Dataset records:

§

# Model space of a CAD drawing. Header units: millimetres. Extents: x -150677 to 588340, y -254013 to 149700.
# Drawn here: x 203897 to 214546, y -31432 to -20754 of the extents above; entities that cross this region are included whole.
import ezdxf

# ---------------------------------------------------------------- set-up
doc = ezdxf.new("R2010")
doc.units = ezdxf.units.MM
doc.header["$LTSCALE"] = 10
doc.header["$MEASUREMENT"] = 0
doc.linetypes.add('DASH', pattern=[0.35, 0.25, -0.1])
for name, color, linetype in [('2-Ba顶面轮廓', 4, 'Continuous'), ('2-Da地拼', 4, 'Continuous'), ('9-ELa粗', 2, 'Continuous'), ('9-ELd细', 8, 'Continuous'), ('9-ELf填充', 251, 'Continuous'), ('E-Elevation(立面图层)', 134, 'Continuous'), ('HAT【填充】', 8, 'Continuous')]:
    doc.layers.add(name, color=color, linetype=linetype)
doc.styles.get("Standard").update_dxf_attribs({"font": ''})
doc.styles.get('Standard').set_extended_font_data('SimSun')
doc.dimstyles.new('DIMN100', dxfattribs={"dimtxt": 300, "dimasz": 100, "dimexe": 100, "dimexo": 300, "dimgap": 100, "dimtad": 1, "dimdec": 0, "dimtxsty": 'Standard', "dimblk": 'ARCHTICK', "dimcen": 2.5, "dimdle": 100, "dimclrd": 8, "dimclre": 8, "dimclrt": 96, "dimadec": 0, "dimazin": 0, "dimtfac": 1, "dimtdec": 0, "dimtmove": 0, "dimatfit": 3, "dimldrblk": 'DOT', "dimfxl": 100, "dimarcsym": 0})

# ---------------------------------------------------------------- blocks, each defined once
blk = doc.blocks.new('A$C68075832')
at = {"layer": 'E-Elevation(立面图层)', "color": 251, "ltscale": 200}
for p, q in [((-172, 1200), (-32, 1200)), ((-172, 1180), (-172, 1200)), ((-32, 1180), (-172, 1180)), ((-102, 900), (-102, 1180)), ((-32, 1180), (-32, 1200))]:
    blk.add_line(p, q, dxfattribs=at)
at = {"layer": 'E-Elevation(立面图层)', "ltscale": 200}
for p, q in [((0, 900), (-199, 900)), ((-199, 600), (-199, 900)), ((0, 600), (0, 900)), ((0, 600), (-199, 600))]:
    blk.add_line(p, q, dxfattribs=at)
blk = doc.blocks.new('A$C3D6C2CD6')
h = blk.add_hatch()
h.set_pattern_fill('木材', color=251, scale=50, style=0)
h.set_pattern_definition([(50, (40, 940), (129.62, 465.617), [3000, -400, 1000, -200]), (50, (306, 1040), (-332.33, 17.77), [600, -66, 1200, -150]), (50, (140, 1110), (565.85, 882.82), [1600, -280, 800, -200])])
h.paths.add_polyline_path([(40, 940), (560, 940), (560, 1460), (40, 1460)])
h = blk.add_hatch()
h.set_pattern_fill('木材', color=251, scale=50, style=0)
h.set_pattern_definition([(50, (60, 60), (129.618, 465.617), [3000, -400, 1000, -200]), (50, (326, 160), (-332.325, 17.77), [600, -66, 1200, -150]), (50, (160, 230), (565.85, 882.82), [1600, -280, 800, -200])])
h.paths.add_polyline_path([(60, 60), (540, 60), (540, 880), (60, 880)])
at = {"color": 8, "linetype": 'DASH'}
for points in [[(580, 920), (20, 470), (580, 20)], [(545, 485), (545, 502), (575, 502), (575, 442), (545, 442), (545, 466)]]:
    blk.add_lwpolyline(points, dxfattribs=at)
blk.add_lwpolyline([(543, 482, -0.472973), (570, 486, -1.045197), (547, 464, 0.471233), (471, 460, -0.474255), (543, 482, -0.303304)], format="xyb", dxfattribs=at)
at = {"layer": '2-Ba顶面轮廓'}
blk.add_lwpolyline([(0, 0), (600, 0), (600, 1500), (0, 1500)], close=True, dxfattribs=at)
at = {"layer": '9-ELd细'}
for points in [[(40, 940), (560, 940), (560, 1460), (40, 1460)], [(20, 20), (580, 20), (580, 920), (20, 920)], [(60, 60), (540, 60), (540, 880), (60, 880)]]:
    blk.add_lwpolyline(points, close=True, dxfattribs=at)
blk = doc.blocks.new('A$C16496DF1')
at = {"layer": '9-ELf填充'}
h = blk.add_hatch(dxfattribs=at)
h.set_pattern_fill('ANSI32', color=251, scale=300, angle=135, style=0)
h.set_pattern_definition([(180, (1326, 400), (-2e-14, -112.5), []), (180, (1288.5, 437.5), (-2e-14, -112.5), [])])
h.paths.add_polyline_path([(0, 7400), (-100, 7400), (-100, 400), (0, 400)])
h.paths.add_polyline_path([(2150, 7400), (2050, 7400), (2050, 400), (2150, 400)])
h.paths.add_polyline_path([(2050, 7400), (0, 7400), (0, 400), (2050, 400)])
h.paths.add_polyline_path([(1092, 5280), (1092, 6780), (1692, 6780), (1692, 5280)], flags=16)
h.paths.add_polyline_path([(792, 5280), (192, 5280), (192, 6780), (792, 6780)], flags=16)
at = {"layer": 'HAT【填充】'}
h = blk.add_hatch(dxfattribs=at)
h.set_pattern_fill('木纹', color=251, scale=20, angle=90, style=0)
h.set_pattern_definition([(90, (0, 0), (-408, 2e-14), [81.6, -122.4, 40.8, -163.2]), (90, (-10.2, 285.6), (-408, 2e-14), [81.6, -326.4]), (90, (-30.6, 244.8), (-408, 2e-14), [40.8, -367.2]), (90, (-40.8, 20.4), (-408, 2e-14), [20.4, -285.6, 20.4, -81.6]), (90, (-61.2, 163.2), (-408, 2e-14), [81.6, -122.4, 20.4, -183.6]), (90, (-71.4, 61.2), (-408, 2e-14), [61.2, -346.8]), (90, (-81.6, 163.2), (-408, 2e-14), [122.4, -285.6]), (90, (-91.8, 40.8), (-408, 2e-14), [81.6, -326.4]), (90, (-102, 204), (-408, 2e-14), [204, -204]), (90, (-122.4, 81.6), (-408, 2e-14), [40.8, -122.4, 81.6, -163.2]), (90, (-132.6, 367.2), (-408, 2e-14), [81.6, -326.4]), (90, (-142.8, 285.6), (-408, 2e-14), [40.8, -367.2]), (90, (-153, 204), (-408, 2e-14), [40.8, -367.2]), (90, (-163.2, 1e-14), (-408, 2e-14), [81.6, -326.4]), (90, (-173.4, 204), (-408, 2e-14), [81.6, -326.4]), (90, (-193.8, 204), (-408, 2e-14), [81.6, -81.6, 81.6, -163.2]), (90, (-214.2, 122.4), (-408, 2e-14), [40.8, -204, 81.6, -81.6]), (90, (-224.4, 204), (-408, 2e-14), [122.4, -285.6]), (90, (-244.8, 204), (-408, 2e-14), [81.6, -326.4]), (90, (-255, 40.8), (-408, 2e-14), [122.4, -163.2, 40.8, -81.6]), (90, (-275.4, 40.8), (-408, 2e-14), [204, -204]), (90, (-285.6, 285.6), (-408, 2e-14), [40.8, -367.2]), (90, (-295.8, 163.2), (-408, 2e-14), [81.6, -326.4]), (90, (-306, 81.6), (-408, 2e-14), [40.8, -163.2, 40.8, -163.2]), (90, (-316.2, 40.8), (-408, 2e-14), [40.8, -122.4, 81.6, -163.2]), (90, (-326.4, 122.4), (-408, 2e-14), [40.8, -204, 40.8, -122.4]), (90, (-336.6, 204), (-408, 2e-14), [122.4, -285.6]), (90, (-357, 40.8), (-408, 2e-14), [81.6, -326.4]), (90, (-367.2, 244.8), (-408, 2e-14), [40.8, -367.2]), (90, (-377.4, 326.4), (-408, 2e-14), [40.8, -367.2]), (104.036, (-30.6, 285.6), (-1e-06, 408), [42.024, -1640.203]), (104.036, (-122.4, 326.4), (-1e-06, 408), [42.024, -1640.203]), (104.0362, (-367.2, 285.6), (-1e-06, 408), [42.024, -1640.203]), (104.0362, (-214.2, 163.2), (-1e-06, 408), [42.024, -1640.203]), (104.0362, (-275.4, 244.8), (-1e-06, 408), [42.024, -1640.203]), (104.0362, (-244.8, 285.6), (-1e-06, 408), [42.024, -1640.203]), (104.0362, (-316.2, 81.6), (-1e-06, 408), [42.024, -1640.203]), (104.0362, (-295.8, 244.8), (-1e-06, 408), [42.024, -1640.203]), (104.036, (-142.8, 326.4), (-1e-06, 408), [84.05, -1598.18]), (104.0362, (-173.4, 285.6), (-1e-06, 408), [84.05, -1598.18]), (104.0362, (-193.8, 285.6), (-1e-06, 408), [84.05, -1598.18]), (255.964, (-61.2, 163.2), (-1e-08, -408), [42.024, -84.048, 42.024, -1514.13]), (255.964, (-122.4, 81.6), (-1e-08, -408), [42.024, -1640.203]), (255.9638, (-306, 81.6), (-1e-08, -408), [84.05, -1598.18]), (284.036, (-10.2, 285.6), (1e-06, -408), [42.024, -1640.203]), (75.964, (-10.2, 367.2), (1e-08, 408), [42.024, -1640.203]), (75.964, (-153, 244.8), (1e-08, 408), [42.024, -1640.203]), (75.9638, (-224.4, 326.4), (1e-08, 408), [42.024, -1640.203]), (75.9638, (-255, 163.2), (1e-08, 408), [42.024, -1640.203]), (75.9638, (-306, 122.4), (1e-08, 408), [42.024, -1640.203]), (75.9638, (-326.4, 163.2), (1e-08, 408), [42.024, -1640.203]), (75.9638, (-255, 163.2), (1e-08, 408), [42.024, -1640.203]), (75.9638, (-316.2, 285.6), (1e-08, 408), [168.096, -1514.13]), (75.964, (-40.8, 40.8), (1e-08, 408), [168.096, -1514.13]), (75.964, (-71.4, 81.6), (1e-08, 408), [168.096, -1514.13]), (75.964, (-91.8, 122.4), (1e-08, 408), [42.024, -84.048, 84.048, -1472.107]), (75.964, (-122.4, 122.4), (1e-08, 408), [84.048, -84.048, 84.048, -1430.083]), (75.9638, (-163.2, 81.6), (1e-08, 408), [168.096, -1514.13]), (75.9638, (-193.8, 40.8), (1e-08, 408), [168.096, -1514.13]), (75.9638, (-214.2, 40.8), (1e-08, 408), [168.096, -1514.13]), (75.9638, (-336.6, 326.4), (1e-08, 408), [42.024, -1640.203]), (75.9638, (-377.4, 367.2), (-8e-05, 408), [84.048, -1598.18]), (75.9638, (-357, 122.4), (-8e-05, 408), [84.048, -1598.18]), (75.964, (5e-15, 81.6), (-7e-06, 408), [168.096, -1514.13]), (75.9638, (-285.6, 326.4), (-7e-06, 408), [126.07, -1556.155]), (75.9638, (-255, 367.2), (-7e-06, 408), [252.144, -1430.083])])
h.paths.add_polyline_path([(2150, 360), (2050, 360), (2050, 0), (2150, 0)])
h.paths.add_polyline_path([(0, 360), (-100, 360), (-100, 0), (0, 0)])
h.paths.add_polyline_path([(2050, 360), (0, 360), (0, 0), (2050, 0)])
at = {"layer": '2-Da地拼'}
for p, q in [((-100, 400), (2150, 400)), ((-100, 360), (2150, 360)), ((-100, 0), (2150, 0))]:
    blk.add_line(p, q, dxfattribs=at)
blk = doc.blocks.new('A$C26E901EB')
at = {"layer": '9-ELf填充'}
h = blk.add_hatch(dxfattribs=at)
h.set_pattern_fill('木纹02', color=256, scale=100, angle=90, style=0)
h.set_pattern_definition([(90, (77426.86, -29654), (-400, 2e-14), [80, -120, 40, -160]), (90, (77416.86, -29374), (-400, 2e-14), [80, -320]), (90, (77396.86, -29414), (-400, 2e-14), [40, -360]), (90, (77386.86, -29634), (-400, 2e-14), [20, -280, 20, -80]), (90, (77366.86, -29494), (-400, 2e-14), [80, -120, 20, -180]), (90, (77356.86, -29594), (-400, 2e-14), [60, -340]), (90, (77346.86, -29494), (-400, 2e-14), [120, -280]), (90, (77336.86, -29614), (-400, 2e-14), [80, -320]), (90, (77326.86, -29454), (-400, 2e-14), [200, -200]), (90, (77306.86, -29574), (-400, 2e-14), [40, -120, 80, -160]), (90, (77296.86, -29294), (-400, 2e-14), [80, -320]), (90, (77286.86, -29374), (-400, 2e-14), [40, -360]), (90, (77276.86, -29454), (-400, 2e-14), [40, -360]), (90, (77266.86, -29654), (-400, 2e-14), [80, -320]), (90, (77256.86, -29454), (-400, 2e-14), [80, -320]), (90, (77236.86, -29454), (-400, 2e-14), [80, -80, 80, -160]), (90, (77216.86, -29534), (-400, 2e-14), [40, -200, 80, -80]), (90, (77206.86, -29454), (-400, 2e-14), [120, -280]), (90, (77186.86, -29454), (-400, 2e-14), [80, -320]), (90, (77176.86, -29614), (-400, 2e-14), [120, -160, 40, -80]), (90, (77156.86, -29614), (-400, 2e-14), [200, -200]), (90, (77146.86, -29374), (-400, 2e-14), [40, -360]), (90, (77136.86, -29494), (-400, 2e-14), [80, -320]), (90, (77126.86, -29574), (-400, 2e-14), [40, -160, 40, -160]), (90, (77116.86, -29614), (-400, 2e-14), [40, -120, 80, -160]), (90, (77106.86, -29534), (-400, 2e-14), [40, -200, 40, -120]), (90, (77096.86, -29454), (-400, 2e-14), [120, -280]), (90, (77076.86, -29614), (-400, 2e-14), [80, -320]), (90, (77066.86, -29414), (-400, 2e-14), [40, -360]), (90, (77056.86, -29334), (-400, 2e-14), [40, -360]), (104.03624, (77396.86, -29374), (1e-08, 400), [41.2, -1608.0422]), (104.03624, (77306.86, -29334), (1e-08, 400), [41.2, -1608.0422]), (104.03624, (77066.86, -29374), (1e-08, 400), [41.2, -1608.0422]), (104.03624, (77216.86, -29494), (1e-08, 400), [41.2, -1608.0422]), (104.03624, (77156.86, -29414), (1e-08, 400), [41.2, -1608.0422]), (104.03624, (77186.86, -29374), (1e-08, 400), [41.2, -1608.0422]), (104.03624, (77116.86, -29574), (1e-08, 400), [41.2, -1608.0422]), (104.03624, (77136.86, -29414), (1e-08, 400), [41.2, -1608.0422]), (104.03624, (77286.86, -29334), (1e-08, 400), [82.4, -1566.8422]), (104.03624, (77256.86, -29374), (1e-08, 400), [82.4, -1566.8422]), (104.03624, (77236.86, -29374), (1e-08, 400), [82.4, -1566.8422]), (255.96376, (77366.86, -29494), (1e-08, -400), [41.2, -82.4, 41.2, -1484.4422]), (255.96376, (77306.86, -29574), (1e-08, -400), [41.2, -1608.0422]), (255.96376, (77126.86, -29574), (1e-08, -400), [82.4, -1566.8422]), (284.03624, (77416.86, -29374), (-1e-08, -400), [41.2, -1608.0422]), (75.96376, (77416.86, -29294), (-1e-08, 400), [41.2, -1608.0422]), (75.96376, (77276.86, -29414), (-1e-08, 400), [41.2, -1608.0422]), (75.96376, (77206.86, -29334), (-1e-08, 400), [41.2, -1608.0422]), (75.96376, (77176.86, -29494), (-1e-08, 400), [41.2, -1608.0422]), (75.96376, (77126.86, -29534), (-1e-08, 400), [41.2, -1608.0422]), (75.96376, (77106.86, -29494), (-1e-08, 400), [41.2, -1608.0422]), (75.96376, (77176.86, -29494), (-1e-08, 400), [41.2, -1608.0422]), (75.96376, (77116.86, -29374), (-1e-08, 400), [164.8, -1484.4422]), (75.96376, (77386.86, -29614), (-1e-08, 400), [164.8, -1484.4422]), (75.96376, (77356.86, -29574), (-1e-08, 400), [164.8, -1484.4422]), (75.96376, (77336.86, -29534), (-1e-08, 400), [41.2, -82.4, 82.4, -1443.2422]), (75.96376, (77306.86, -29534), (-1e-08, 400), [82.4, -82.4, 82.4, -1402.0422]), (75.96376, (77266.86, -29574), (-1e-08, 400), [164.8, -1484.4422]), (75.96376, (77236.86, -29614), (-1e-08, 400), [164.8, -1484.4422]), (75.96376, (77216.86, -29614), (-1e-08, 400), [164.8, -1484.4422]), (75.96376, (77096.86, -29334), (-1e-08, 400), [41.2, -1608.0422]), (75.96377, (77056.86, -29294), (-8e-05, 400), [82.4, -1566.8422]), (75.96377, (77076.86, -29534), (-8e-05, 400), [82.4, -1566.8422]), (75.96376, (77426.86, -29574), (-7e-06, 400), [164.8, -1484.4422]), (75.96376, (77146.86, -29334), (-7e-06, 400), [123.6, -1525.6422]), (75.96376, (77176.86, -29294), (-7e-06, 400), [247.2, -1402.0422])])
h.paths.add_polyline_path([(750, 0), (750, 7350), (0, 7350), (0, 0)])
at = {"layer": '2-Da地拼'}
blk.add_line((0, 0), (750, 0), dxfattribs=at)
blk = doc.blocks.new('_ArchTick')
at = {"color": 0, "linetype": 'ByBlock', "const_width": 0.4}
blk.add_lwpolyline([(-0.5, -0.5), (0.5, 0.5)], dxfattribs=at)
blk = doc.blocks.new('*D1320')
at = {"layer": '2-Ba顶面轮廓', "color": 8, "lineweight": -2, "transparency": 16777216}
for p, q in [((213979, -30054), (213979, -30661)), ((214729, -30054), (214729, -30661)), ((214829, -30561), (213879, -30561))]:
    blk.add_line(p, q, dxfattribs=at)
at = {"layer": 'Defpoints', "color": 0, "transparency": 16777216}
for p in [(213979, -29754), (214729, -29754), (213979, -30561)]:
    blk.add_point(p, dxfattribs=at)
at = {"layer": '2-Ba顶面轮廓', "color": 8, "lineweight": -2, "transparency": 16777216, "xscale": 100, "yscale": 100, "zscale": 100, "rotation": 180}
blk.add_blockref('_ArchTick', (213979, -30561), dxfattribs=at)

§

Problem statement: Within the material, how many lines hold the string "units"? Give the number by itself.

Result: 2